→ **WHAT IS REQUIRED**
Within the records, which lines hold the string "settings"? Report each one by copying it.

→ **PROVIDED DATA**
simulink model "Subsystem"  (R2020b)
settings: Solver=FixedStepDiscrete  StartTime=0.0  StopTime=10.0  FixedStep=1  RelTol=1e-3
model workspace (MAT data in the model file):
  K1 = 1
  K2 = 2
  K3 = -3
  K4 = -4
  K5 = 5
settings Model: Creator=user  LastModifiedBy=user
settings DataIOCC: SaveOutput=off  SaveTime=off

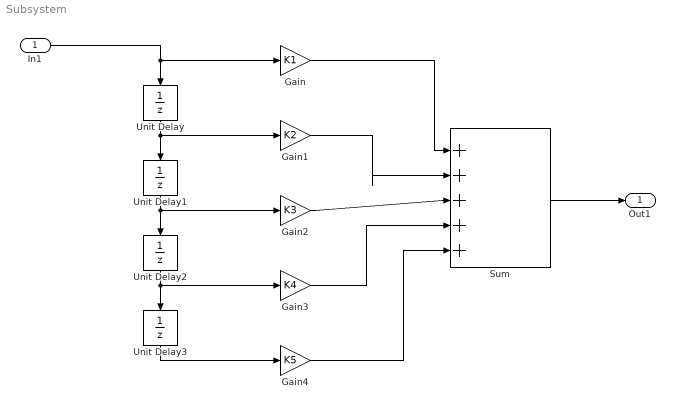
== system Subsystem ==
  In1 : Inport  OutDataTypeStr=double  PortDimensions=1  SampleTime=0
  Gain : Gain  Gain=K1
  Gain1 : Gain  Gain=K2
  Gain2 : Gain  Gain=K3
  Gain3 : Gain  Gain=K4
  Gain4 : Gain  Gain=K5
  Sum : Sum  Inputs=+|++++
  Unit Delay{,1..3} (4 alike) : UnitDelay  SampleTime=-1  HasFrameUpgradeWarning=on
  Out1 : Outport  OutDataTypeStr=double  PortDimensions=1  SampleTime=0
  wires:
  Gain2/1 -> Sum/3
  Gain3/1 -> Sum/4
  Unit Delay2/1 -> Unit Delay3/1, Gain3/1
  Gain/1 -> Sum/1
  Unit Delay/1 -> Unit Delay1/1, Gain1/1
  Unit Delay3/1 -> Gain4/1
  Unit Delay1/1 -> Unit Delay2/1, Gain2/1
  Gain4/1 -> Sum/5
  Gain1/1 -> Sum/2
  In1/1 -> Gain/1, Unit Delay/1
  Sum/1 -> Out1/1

→ **SOLUTION**
settings: Solver=FixedStepDiscrete  StartTime=0.0  StopTime=10.0  FixedStep=1  RelTol=1e-3
settings Model: Creator=user  LastModifiedBy=user
settings DataIOCC: SaveOutput=off  SaveTime=off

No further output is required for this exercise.